SOURCE INFORMATION
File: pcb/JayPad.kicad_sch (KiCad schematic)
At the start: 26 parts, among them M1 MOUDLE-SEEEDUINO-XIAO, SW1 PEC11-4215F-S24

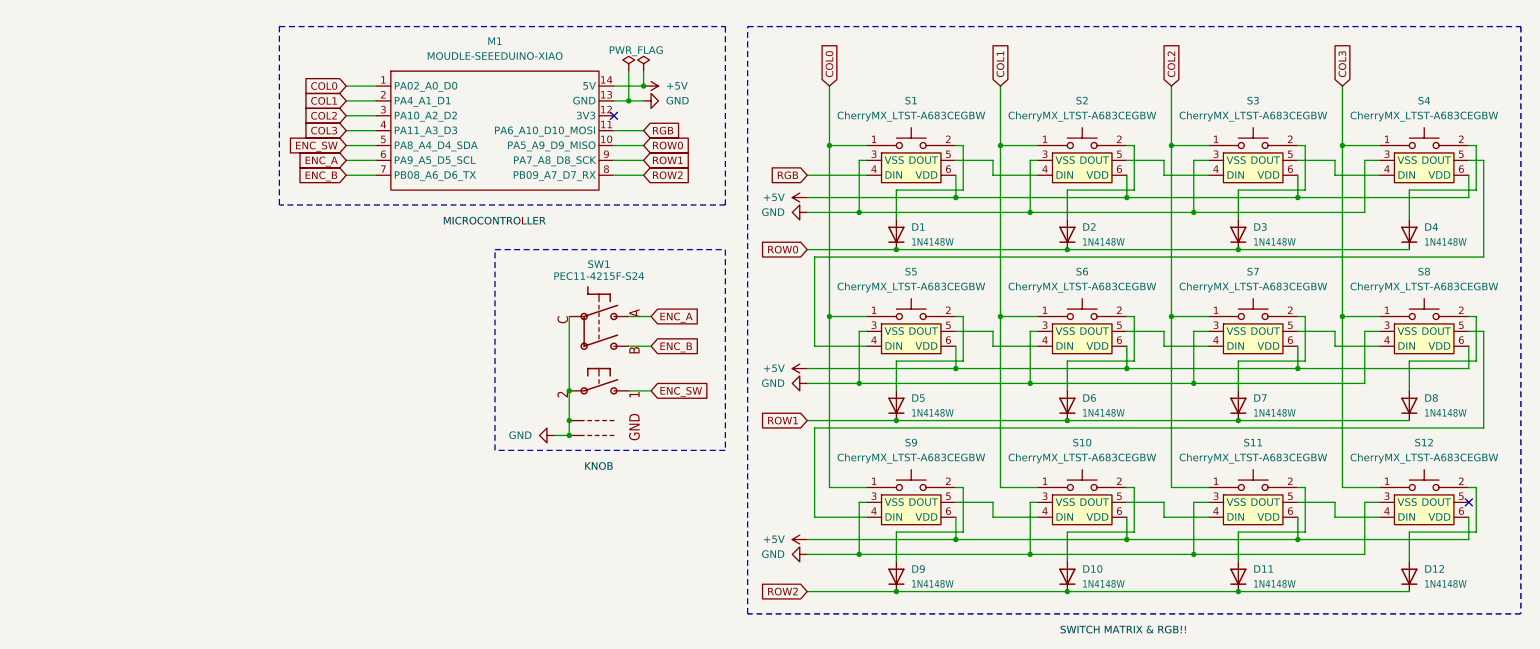
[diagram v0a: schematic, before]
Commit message: Changed from RGB backlight to underglow
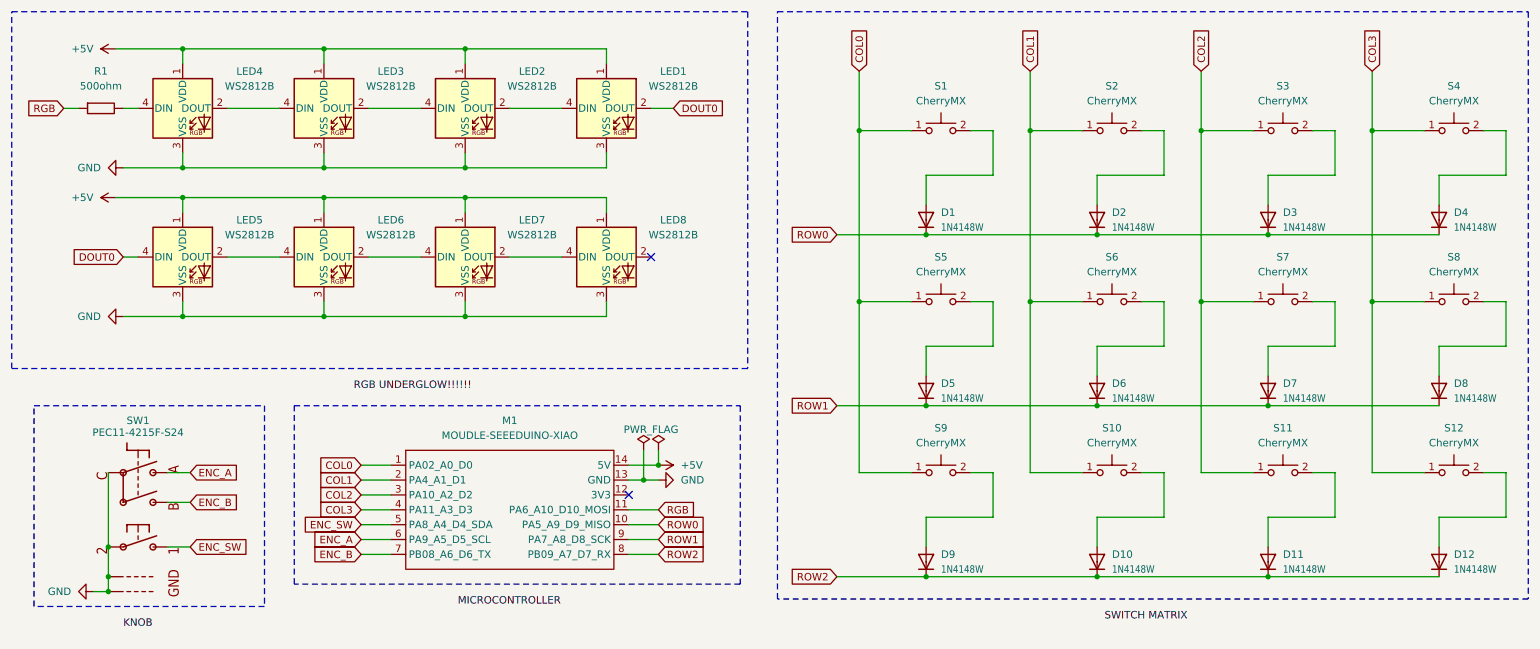
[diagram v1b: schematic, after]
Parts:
- added LED1, LED2, LED3, LED4, LED5, LED6, LED7, LED8: WS2812B, LED_SMD:LED_WS2812B_PLCC4_5.0x5.0mm_P3.2mm, symbol LED:WS2812B
- added R1: 500ohm, Resistor_THT:R_Axial_DIN0207_L6.3mm_D2.5mm_P10.16mm_Horizontal, symbol PCM_SL_Resistors:0ohm
- S1, S10, S11, S12, S2, S3, S4, S5, S6, S7, S8, S9: value CherryMX_LTST-A683CEGBW -> CherryMX; footprint JayPad:CherryMX_1.00u_KailhSocket_LTST-A683CEGBW-HS -> JayPad:CherryMX_1.00u_KailhSocket; symbol CherryMX:CherryMX_LTST-A683CEGBW -> CherryMX:CherryMX
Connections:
- net +5V: now also LED1.1 (VDD), LED2.1 (VDD), LED3.1 (VDD), LED4.1 (VDD), LED5.1 (VDD), LED6.1 (VDD), LED7.1 (VDD), LED8.1 (VDD); no longer S1.6 (VDD), S10.6 (VDD), S11.6 (VDD), S12.6 (VDD), S2.6 (VDD), S3.6 (VDD), S4.6 (VDD), S5.6 (VDD), S6.6 (VDD), S7.6 (VDD), S8.6 (VDD), S9.6 (VDD)
- net GND: now also LED1.3 (VSS), LED2.3 (VSS), LED3.3 (VSS), LED4.3 (VSS), LED5.3 (VSS), LED6.3 (VSS), LED7.3 (VSS), LED8.3 (VSS); no longer S1.3 (VSS), S10.3 (VSS), S11.3 (VSS), S12.3 (VSS), S2.3 (VSS), S3.3 (VSS), S4.3 (VSS), S5.3 (VSS), S6.3 (VSS), S7.3 (VSS), S8.3 (VSS), S9.3 (VSS)
- net RGB: now also R1.1; no longer S1.4 (DIN)
- new net: LED3.4 (DIN), LED4.2 (DOUT)
- new net: LED4.4 (DIN), R1.2
- new net: LED2.4 (DIN), LED3.2 (DOUT)
- new net: LED6.2 (DOUT), LED7.4 (DIN)
- new net: LED5.2 (DOUT), LED6.4 (DIN)
- new net: LED1.4 (DIN), LED2.2 (DOUT)
- new net: LED7.2 (DOUT), LED8.4 (DIN)
- new net DOUT0: LED1.2 (DOUT), LED5.4 (DIN)
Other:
- moved on the sheet: D1, D10, D11, D12, D2, D3, D4, D5, D6, D7, D8, D9

WHAT NEEDS TO BE DONE
Starting from the line that contains "- new net: LED7.2 (DOUT), LED8.4 (DIN)", give again every line to the last line of the data, exactly. Include nothing else.

SOLUTION TO THIS TASK
- new net: LED7.2 (DOUT), LED8.4 (DIN)
- new net DOUT0: LED1.2 (DOUT), LED5.4 (DIN)
Other:
- moved on the sheet: D1, D10, D11, D12, D2, D3, D4, D5, D6, D7, D8, D9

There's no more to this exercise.